> [What the task asks]: The lines needed are those below that contain the word "through"; copy each one.

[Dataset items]

- - - - -

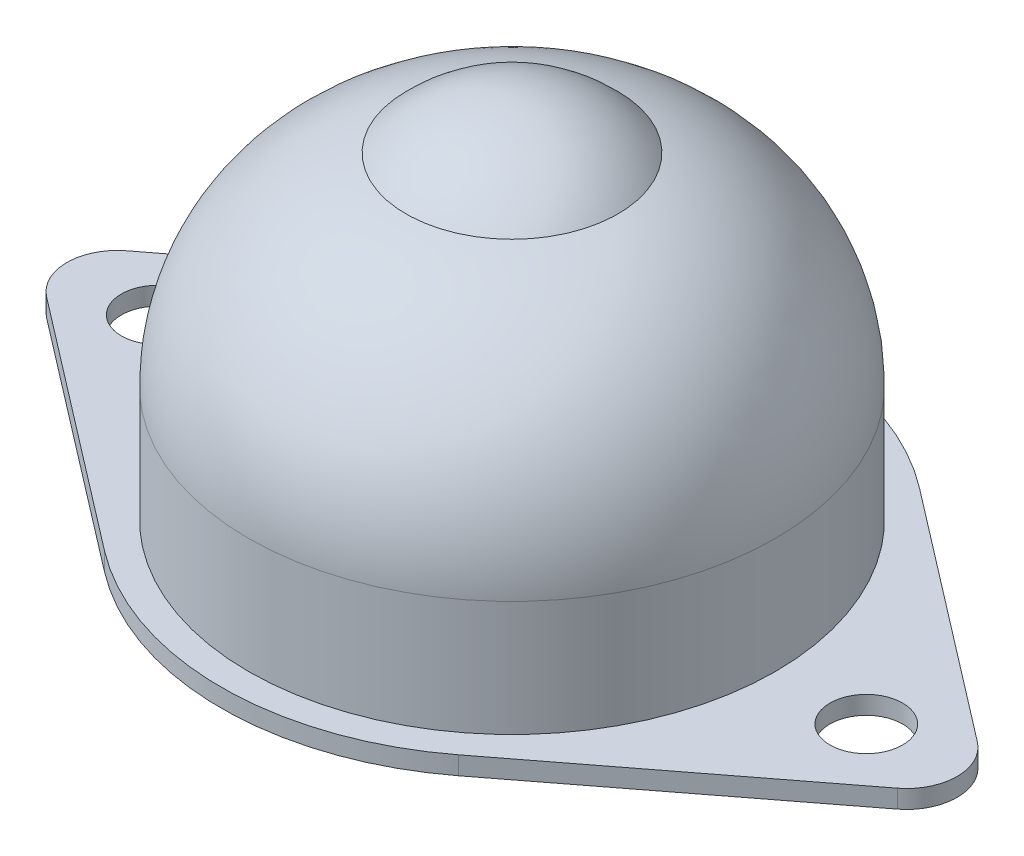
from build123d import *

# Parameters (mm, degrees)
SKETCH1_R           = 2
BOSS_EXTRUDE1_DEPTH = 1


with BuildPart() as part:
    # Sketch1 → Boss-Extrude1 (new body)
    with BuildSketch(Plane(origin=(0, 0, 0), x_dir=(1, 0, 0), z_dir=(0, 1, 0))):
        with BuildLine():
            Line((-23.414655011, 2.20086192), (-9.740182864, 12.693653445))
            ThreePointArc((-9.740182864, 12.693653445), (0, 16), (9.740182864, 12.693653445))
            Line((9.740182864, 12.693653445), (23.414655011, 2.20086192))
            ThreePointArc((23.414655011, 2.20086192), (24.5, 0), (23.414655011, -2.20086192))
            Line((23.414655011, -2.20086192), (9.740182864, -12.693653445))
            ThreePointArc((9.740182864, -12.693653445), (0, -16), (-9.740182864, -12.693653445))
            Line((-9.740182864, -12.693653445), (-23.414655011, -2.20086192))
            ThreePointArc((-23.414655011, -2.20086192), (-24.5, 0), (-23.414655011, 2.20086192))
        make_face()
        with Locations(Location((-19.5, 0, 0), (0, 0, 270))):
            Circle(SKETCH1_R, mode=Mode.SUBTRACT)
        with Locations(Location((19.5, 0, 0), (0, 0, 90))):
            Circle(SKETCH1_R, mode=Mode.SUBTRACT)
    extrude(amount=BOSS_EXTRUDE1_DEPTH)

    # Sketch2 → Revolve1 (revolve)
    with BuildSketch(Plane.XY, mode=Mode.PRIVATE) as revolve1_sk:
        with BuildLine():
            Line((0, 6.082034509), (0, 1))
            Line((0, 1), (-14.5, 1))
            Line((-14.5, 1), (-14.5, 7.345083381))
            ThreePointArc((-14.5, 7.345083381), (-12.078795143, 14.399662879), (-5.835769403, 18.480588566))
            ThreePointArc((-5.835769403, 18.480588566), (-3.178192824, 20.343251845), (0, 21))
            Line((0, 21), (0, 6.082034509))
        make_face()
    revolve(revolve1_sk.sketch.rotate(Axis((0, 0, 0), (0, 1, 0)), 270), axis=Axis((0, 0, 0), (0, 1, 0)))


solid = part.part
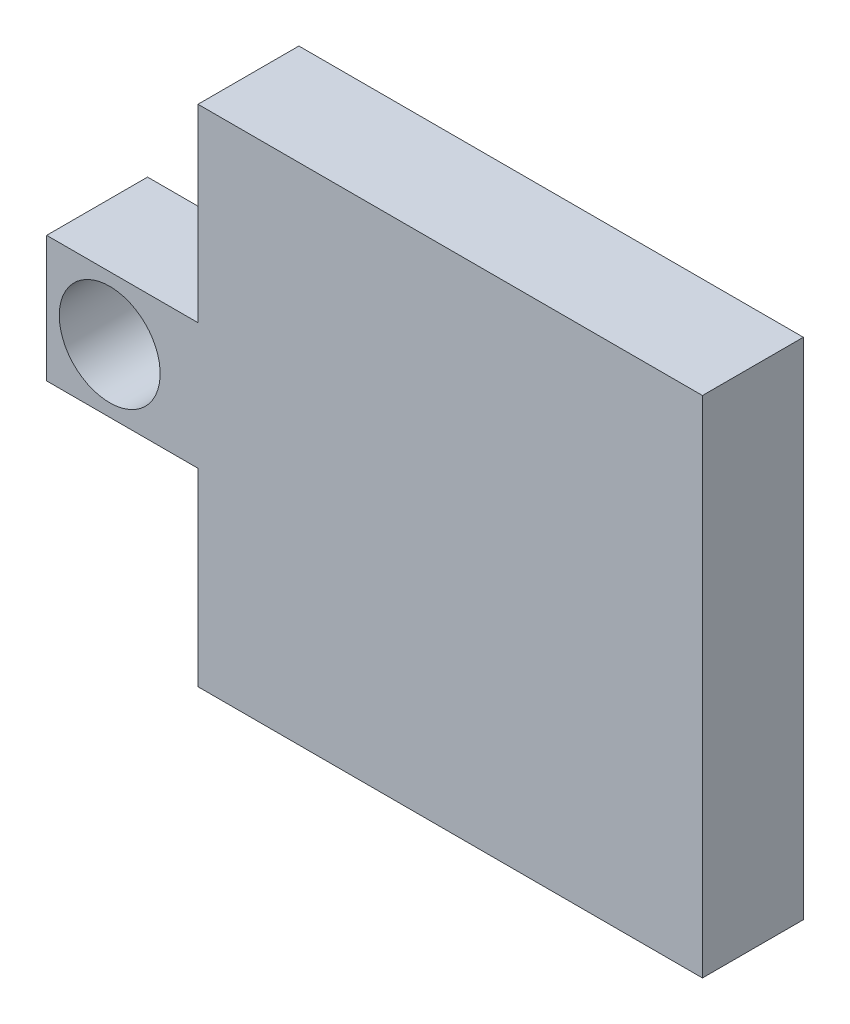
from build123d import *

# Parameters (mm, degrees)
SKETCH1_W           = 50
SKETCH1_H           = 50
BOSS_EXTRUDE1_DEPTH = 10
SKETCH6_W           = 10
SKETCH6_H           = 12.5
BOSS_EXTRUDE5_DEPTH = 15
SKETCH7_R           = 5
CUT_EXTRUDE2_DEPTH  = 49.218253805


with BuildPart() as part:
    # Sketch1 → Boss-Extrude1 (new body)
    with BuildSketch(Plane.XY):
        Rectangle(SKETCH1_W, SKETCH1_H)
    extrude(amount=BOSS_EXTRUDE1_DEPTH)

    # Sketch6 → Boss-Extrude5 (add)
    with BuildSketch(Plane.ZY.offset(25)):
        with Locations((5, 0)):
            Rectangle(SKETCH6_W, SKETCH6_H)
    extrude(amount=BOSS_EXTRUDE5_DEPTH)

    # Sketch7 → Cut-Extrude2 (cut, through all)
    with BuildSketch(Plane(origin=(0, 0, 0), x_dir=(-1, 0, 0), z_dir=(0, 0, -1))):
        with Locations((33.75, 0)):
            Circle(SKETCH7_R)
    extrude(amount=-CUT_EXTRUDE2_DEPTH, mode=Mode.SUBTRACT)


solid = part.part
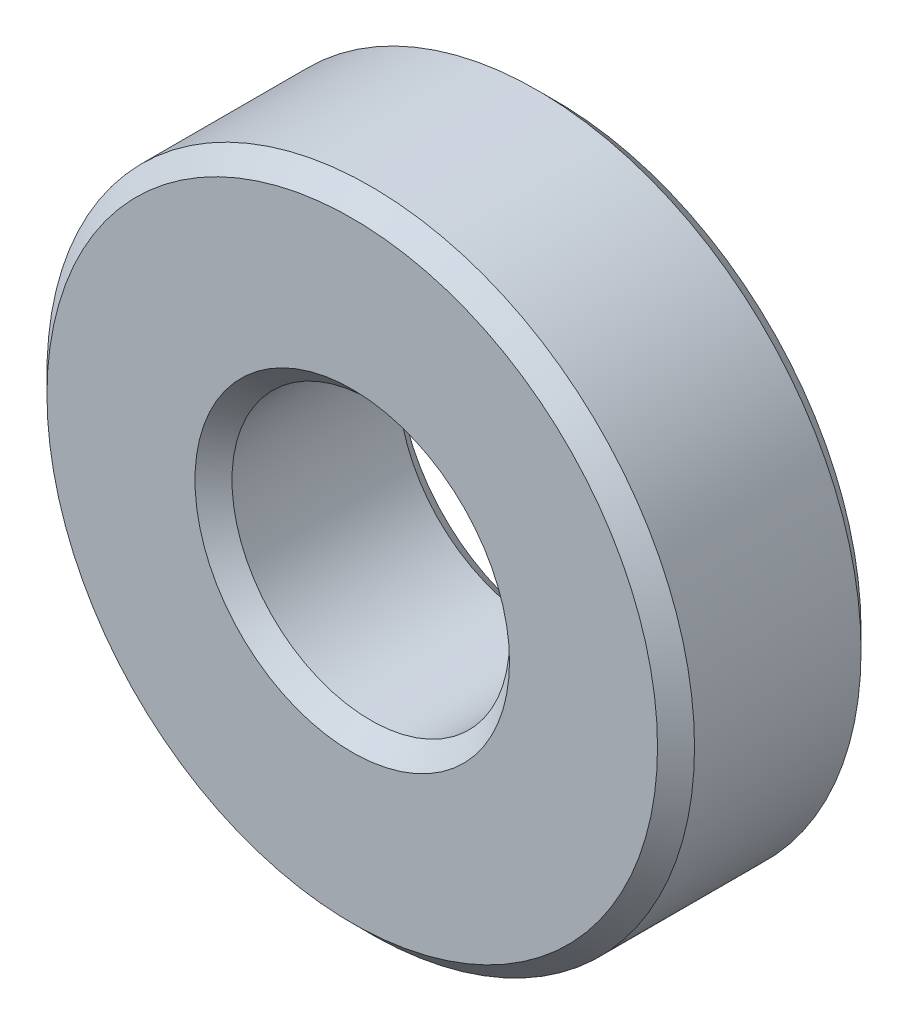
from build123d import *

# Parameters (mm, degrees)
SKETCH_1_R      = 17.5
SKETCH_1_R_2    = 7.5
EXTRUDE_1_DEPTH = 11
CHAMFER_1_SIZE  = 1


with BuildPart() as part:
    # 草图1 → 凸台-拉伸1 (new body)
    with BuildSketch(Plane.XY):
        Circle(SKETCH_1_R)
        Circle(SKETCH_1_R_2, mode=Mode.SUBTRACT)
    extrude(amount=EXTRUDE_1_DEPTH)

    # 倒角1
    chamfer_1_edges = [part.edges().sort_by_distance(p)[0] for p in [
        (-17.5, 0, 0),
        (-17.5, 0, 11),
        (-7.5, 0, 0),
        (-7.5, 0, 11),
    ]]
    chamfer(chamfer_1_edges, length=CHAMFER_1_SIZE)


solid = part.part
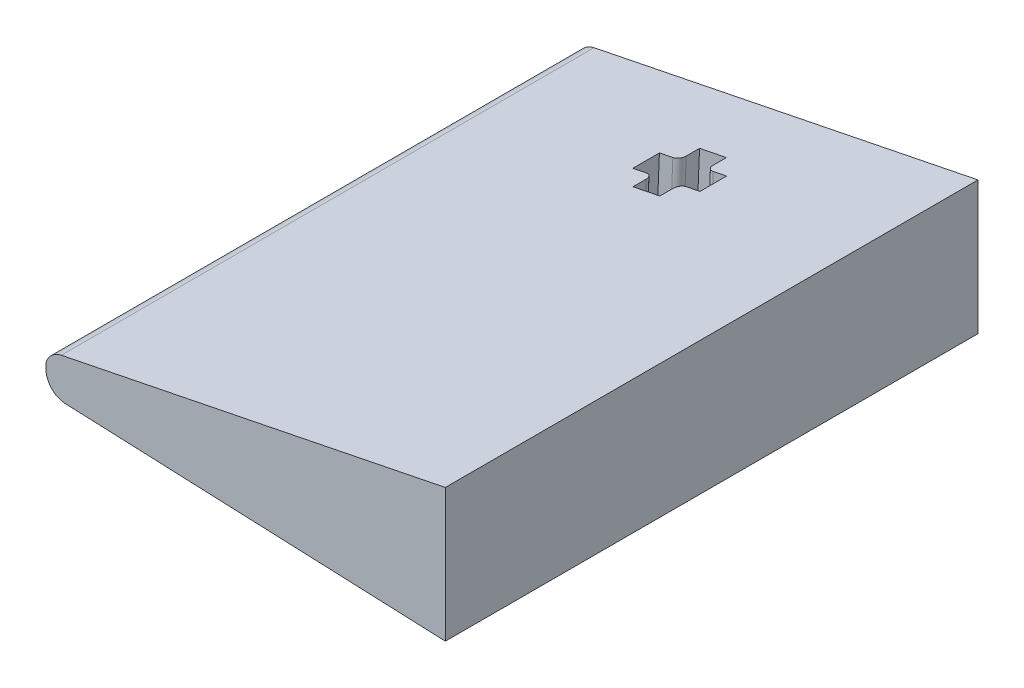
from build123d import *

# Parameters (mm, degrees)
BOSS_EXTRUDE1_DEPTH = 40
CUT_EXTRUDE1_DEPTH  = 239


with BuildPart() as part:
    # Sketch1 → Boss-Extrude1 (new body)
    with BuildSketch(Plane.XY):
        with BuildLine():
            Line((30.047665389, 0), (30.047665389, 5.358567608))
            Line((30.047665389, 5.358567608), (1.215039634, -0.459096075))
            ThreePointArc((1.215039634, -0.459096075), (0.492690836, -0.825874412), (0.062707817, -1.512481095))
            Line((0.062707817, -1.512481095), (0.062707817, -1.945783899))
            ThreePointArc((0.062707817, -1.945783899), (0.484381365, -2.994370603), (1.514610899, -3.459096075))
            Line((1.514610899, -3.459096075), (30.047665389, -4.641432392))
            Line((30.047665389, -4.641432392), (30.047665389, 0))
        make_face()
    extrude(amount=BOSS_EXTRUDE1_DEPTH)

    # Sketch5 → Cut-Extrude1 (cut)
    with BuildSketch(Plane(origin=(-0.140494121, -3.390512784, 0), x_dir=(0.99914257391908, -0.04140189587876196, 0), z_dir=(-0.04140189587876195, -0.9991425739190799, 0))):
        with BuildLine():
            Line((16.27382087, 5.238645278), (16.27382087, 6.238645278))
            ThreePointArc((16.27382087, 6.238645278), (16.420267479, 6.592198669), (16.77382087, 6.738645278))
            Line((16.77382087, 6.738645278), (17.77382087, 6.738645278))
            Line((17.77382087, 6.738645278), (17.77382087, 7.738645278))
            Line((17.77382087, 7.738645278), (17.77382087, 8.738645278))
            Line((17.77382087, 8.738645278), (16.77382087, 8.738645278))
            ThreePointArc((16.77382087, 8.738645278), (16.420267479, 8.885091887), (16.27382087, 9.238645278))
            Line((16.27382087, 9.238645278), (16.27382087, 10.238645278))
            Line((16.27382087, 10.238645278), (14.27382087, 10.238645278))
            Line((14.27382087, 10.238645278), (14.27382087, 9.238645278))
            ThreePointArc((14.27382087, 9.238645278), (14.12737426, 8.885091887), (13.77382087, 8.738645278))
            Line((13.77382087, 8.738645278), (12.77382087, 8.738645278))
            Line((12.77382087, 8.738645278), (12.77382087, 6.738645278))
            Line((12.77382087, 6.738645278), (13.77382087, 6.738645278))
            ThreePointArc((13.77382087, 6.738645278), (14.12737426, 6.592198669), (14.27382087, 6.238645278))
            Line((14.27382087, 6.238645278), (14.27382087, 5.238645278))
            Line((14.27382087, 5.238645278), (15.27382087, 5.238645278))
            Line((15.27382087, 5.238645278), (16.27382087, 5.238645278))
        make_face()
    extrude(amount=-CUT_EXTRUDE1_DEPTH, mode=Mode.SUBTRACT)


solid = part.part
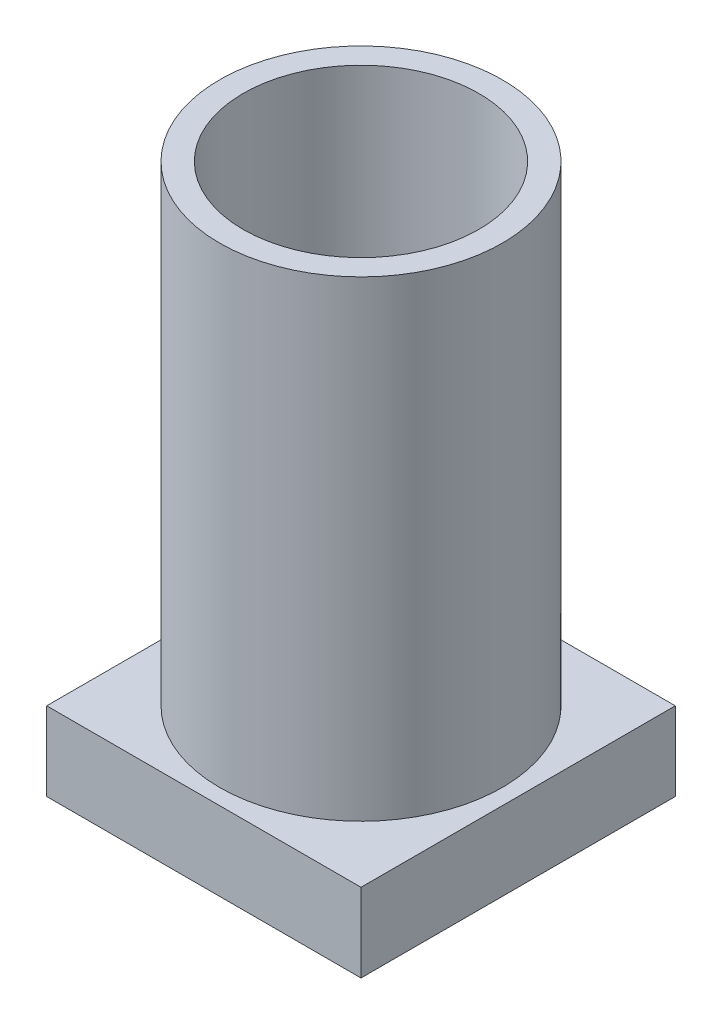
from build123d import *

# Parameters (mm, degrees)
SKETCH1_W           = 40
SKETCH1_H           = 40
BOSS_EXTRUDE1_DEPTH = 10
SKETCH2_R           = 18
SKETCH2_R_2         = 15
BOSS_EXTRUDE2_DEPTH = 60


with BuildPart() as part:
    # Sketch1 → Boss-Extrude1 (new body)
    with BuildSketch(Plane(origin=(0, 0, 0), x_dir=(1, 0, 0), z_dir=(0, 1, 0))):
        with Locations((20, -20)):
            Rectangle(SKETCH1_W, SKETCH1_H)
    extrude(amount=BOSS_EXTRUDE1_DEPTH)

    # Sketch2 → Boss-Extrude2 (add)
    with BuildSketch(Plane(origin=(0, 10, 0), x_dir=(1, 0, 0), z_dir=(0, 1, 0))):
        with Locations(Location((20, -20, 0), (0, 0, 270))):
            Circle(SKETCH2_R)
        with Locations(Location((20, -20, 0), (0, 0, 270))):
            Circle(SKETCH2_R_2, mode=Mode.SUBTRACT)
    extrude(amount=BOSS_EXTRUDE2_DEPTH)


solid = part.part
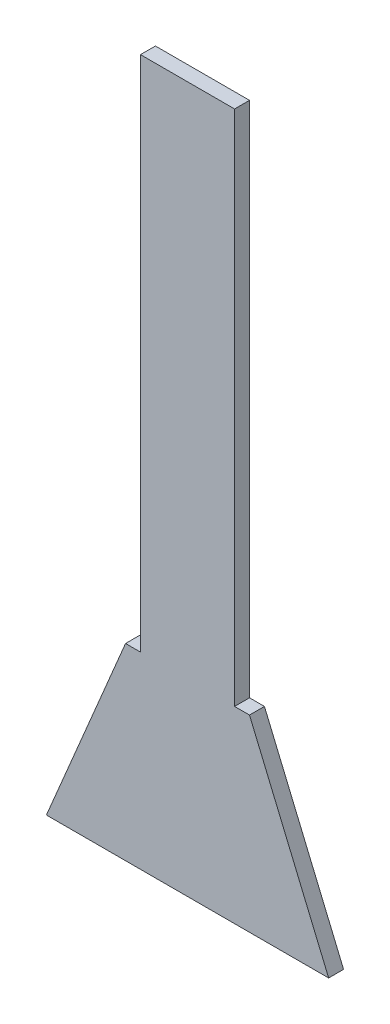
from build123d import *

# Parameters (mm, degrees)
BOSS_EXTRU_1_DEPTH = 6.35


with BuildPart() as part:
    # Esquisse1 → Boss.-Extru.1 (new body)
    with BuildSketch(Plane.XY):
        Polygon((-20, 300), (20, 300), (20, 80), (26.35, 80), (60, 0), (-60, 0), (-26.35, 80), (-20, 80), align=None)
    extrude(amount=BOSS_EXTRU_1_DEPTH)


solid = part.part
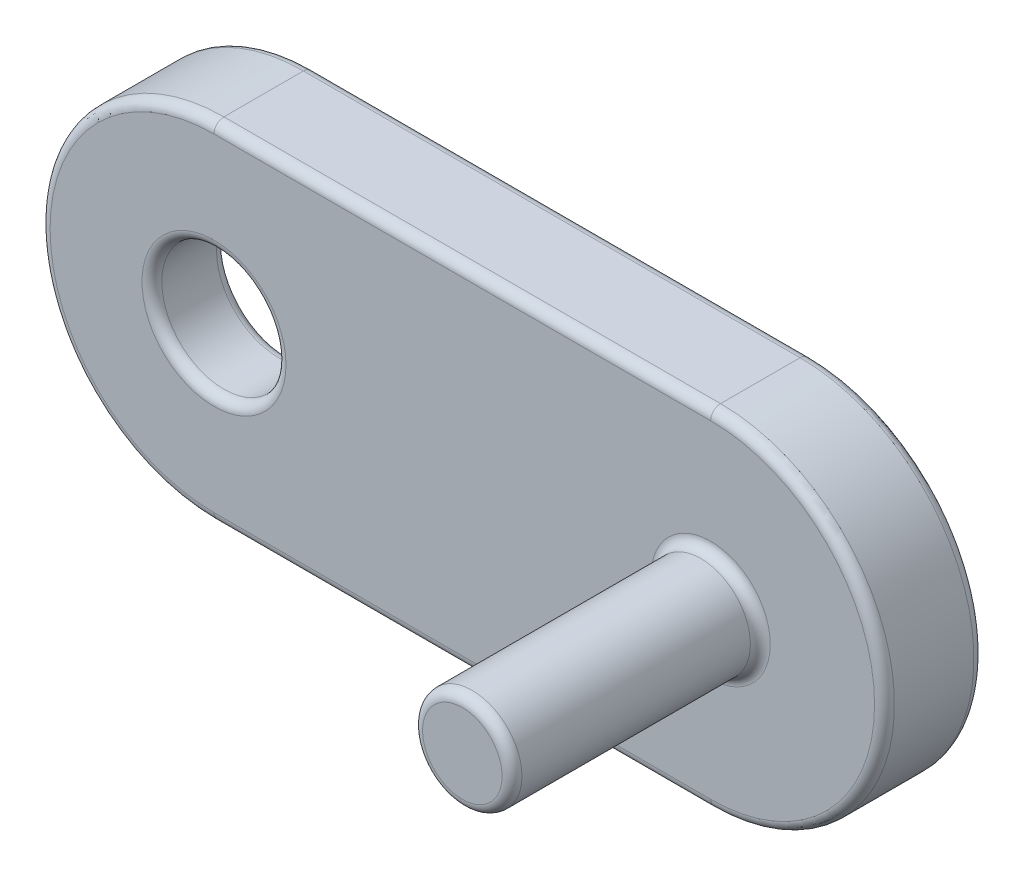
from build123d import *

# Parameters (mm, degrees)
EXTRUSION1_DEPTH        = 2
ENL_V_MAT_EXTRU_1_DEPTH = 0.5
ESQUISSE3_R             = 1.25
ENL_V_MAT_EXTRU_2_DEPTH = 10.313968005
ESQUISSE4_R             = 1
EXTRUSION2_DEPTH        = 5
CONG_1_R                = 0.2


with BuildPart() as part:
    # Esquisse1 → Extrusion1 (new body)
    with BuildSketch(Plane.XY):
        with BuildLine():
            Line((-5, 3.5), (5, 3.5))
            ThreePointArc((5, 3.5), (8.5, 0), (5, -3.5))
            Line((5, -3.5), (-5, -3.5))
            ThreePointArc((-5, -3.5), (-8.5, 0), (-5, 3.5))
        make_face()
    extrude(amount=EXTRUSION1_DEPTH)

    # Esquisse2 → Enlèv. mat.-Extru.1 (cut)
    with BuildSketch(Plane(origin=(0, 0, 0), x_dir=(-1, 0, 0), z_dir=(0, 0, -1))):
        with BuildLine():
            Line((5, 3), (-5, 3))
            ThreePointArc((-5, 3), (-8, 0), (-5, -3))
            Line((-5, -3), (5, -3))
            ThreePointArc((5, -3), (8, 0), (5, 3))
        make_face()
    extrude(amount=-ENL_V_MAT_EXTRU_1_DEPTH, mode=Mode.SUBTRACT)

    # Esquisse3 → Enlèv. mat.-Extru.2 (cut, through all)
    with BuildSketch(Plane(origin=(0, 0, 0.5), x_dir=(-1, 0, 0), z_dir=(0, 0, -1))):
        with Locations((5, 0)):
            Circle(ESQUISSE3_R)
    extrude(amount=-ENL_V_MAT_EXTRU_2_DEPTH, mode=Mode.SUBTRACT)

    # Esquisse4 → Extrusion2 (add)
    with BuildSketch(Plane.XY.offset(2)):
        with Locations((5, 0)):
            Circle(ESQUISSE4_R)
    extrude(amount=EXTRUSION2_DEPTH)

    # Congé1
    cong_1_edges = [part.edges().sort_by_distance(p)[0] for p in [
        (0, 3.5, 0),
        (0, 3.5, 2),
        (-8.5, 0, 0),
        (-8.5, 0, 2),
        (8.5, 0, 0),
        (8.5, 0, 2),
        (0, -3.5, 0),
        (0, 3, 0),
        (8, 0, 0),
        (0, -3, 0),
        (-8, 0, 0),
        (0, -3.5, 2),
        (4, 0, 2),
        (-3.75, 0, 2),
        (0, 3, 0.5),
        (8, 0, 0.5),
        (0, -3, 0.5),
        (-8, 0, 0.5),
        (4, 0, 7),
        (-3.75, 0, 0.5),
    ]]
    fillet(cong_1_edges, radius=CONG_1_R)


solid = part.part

- - - - -

> [Solution for this task]:
    # Sketch7 → Cut-Extrude2 (cut, through all)
    # Esquisse3 → Enlèv. mat.-Extru.2 (cut, through all)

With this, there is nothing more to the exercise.